Why Do Customers Shop For a New Bank?

We fielded our 2012 Financial Services Screener Survey in November of last year and found that customer defection is continuing a three-year rise (7.7% in 2010, 8.7% in 2011, and 9.6% in 2012 ). Not surprisingly both big and regional Banks are taking the hardest hit with defection rates increasing from 7% in 2010 to 10% this year which could be heavily influenced by the negative press big banks continued to receive in the media as well as consumer programs aimed at encouraging customers to leave big banks in favor of small institutions.

While it would be simple to attribute these trends to unwanted fees or service charges, the assumption would only be partially correct. The data from the 2012 Bank Customer Switching and Acquisition Study implies more complexity than one might otherwise presume. In response to identifying the single most influential reason customers started shopping for a new primary banking relationship, four reasons stand out regardless of bank size, and these are:

Fees and Rates: Either because they are dissatisfied at their current bank and want to shop around, or see more competitive rates elsewhere.

Life Circumstances: A factor largely outside the control of the bank, this includes events such as marriage, graduation, divorce, unemployment and retirement.

Unmet Expectations: A negative driver that some experience, or combination of experiences, did not fulfill the customer’s expectation of what banking at their former primary bank would be like.

Customer Service: A likely tangent to unmet expectations, poor customer service is a condition that, as this year’s data illustrated, is seldom a primary driver but one that sets the conditions for the customer leaving when another trigger (like fees or rates) arises.

While all banks share these four reasons as the top ranked shopping triggers, there are noted differences in priorities depending on which bank the customer had previously.
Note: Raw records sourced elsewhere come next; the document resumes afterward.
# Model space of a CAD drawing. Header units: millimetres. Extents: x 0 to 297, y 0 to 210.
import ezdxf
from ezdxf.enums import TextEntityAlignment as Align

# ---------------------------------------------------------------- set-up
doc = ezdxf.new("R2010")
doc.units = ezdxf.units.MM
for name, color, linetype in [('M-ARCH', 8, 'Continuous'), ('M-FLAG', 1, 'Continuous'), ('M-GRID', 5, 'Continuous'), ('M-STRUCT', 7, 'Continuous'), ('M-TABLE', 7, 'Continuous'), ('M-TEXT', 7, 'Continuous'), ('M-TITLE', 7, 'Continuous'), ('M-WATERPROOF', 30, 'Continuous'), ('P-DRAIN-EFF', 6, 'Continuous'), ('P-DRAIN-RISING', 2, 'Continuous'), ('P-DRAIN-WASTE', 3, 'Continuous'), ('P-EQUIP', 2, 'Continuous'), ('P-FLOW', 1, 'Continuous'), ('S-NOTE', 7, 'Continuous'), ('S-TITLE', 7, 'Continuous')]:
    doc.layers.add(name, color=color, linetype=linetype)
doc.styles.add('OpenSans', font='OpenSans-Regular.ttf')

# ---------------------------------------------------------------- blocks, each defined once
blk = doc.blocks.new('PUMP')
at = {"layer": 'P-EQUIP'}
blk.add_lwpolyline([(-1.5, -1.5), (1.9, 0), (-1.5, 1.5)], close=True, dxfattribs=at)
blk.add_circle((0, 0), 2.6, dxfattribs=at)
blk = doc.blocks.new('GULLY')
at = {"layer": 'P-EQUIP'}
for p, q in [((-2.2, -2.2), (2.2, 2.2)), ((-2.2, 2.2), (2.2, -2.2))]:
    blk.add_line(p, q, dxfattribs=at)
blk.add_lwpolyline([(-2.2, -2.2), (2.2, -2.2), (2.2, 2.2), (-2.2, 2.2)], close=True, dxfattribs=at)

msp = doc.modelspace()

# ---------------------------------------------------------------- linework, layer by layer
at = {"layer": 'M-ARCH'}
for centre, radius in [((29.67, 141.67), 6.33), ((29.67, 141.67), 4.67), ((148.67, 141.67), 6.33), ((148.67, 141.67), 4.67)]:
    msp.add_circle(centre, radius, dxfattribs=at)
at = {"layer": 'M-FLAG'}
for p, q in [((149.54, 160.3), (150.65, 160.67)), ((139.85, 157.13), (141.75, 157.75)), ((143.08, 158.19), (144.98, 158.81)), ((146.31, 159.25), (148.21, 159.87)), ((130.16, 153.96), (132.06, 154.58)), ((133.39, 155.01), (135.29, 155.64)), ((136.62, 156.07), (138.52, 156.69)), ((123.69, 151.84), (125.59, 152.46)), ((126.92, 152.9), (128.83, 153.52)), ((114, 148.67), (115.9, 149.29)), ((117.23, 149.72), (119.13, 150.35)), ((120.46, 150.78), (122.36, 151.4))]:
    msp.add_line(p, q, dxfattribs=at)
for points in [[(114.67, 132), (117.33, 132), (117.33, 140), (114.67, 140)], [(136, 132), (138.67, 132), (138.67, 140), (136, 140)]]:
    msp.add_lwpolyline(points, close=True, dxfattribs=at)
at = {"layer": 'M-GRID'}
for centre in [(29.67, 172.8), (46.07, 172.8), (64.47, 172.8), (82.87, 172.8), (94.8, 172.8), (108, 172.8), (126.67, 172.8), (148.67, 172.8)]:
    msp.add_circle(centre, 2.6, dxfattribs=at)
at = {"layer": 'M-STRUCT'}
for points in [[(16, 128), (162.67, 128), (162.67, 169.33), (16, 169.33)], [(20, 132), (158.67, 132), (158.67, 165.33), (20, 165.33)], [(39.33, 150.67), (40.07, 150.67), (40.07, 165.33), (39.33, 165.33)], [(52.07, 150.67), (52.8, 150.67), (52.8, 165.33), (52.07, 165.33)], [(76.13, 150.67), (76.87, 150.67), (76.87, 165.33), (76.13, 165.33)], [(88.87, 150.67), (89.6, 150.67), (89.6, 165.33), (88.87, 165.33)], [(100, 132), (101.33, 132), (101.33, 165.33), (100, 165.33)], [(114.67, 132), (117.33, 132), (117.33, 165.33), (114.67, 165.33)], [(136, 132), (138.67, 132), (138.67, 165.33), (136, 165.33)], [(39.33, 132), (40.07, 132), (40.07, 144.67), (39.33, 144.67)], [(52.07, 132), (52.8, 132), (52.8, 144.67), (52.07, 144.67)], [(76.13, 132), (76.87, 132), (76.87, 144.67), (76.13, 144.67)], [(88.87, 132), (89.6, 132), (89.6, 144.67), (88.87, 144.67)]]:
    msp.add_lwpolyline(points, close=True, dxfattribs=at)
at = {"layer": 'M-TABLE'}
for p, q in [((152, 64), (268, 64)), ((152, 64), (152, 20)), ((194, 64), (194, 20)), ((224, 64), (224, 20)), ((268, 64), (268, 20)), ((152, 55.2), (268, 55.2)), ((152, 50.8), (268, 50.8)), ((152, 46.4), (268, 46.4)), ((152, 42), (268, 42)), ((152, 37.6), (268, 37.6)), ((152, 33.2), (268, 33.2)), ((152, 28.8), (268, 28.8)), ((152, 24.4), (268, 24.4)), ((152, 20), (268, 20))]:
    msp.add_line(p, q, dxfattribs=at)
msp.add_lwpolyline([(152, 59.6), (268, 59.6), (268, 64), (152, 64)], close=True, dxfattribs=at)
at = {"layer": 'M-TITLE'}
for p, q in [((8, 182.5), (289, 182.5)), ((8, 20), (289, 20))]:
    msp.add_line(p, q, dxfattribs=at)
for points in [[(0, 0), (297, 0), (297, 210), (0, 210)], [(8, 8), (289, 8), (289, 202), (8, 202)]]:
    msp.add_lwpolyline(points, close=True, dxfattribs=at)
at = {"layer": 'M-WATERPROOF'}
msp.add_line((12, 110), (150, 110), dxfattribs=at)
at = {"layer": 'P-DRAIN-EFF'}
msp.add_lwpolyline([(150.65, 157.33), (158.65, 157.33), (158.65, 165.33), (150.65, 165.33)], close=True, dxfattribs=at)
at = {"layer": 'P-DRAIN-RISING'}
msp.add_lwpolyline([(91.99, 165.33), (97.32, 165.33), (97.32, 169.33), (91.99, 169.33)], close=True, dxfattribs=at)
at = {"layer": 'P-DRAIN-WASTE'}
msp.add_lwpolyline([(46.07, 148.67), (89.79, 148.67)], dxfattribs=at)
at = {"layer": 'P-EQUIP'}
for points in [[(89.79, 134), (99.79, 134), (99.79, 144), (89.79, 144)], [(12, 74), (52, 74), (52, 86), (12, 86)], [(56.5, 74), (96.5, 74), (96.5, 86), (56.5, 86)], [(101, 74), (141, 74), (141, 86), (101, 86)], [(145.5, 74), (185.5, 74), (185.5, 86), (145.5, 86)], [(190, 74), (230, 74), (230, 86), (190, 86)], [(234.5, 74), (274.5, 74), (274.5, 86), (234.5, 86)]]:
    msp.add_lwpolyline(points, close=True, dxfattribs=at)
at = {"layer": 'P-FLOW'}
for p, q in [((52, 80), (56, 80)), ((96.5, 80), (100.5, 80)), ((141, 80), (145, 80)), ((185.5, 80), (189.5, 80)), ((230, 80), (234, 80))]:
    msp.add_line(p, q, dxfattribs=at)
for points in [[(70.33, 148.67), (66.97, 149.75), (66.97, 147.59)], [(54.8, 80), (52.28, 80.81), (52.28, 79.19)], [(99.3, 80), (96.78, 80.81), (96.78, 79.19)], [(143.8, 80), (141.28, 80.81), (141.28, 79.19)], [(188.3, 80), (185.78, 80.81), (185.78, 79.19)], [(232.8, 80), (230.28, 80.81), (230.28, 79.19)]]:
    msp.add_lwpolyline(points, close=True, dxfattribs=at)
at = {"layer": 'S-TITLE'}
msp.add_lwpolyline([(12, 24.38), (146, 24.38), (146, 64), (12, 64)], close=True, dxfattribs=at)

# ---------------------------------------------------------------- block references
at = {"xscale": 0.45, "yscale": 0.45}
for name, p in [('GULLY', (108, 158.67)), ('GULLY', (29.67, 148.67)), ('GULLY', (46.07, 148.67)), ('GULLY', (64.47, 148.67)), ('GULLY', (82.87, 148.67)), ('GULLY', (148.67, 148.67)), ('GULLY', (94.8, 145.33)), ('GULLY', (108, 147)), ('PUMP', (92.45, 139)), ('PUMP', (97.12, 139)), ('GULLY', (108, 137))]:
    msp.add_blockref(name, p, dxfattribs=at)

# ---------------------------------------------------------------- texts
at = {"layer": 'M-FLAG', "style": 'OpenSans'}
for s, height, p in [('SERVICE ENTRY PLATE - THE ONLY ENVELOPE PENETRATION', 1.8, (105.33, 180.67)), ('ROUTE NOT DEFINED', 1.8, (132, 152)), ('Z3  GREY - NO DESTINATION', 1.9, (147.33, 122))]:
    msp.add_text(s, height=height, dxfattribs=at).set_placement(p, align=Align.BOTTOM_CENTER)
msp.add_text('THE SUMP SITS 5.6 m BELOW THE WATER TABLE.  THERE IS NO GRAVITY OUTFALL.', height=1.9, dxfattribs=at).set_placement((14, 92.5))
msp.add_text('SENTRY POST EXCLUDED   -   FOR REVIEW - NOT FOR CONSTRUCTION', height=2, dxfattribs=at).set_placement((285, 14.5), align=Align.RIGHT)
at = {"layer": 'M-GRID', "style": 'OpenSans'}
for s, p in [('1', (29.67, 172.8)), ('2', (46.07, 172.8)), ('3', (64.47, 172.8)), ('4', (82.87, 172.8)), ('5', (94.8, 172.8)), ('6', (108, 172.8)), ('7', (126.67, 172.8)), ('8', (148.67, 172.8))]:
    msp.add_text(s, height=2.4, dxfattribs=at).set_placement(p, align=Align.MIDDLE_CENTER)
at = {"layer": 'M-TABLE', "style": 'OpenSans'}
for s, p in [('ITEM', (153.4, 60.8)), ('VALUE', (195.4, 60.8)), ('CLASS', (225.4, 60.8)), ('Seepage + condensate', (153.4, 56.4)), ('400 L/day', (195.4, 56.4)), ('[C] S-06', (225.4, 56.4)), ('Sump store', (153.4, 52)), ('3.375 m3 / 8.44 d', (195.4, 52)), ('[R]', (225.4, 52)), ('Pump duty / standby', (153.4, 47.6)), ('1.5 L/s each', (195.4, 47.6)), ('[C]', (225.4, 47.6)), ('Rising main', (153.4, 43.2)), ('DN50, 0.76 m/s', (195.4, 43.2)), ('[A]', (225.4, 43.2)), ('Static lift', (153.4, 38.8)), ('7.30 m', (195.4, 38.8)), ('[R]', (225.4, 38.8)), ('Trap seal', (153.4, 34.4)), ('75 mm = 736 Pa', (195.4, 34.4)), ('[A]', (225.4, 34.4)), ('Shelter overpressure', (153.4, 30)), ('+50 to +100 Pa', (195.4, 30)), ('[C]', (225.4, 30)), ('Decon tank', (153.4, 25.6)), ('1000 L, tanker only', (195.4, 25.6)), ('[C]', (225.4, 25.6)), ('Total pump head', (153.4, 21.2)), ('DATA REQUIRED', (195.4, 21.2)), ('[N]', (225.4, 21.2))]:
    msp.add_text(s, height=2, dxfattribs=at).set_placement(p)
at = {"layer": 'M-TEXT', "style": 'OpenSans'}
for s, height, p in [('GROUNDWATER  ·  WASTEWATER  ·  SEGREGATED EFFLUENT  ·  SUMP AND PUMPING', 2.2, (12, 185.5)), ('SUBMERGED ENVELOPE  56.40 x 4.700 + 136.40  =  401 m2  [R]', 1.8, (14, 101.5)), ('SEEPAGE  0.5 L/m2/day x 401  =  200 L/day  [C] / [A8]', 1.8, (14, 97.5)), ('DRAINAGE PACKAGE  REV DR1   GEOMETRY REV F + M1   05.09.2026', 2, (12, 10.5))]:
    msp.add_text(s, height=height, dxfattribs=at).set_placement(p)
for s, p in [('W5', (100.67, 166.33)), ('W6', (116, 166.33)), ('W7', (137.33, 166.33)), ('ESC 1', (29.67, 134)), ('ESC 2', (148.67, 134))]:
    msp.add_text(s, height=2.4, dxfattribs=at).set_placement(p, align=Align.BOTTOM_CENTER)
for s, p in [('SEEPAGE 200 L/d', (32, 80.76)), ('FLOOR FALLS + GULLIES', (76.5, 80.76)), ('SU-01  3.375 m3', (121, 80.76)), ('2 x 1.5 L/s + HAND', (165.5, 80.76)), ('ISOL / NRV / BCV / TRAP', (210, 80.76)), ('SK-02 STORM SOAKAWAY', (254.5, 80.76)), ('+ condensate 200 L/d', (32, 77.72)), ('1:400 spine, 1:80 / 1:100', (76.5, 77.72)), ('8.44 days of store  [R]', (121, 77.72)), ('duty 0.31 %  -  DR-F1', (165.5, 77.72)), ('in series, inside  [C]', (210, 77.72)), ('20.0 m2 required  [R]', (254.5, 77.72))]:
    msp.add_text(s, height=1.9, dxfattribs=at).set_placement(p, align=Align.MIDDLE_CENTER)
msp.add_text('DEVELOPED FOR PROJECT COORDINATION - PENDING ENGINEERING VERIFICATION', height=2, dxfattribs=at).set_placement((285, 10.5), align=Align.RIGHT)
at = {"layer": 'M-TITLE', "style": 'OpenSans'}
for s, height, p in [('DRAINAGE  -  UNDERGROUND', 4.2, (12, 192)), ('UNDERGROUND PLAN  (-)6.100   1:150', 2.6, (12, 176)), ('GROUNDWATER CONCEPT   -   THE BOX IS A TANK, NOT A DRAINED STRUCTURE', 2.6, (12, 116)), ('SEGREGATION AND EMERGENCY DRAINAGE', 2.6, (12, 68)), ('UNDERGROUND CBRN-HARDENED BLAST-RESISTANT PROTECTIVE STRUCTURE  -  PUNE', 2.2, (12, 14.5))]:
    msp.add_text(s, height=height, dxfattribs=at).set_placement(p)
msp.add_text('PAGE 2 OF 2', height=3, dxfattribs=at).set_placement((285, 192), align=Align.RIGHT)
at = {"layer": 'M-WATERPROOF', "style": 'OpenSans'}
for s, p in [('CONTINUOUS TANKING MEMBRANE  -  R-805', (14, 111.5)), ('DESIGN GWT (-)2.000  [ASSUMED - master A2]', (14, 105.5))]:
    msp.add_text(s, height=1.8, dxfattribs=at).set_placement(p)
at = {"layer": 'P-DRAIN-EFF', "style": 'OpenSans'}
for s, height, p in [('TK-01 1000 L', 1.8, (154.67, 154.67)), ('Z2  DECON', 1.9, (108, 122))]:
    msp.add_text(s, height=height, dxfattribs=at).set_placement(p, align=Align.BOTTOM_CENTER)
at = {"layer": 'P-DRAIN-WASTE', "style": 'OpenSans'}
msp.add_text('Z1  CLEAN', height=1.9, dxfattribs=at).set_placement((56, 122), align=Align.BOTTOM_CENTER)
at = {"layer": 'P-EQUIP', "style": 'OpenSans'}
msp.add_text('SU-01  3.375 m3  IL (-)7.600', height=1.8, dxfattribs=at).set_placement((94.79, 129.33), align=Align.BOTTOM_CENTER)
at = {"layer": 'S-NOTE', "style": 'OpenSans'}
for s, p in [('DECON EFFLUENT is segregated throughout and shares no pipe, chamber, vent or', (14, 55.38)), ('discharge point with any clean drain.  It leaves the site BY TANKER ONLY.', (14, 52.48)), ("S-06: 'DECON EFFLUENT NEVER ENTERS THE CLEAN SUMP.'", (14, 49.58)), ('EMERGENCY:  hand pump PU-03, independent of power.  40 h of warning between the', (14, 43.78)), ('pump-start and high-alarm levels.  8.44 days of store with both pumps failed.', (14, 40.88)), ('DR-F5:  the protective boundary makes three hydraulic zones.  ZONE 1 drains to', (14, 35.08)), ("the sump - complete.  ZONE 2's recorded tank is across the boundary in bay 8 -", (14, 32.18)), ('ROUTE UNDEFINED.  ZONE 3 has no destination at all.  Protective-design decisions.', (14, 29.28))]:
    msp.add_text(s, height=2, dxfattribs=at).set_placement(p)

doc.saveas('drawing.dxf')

  • One third of customers at the largest banks cite fees and rates as the primary shopping trigger incenting them to look elsewhere for a new primary bank relationship.
  • Life circumstances trigger shopping more for customers of smaller mid-sized and community banks, as well as Credit Unions. Limited geographical coverage and fewer services severely limit the ability of banks with smaller footprints to meet the needs of many customers going through major changes in their lives.
  • As a primary shopping trigger, customer service was identified by only 5% to 9% of customers across all types of banks. However, inasmuch as respondents could only select a single main reason for shopping, it is clear that service is a critical contributing factor, as opposed to the primary driver.